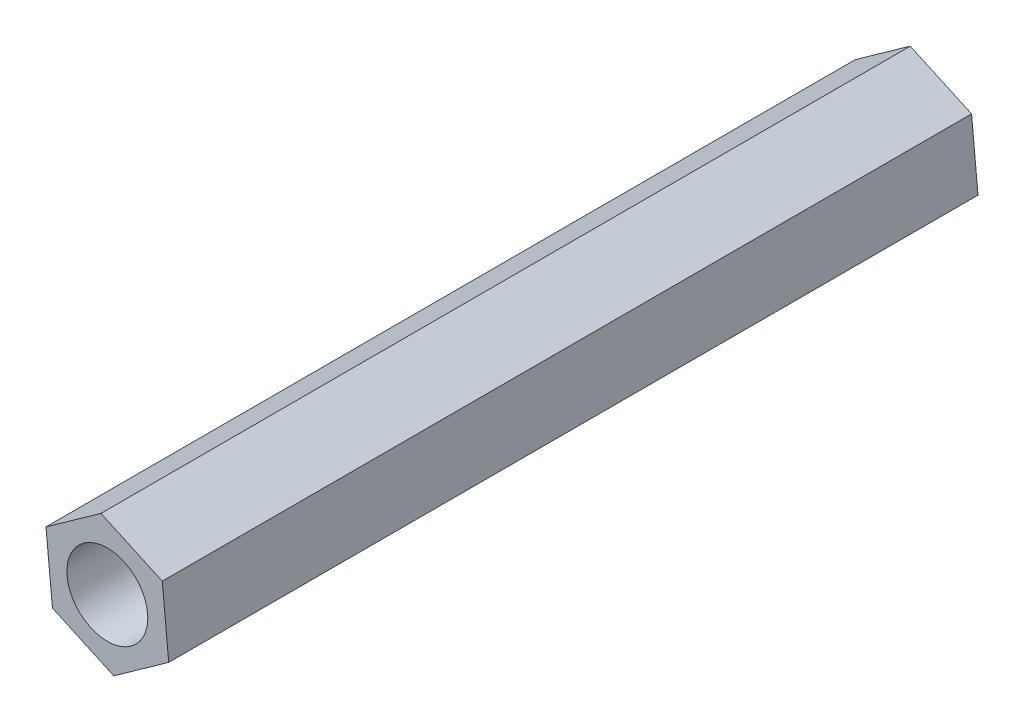
from build123d import *

# Parameters (mm, degrees)
SKETCH1_R           = 1.5
BOSS_EXTRUDE1_DEPTH = 30


with BuildPart() as part:
    # Sketch1 → Boss-Extrude1 (new body)
    with BuildSketch(Plane.XY):
        Polygon((2.036416368, 1.450175292), (-0.237680459, 2.488675953), (-2.274096827, 1.038500661), (-2.036416368, -1.450175292), (0.237680459, -2.488675953), (2.274096827, -1.038500661), align=None)
        Circle(SKETCH1_R, mode=Mode.SUBTRACT)
    extrude(amount=BOSS_EXTRUDE1_DEPTH)


solid = part.part
------------------------------------
> **Exercise brief**: Repeat precisely the lines of the data starting at the one containing "# Sketch1 → Boss-Extrude1 (new body)", last line included.

> **Answer to this exercise**:
    # Sketch1 → Boss-Extrude1 (new body)
    with BuildSketch(Plane.XY):
        Polygon((2.036416368, 1.450175292), (-0.237680459, 2.488675953), (-2.274096827, 1.038500661), (-2.036416368, -1.450175292), (0.237680459, -2.488675953), (2.274096827, -1.038500661), align=None)
        Circle(SKETCH1_R, mode=Mode.SUBTRACT)
    extrude(amount=BOSS_EXTRUDE1_DEPTH)


solid = part.part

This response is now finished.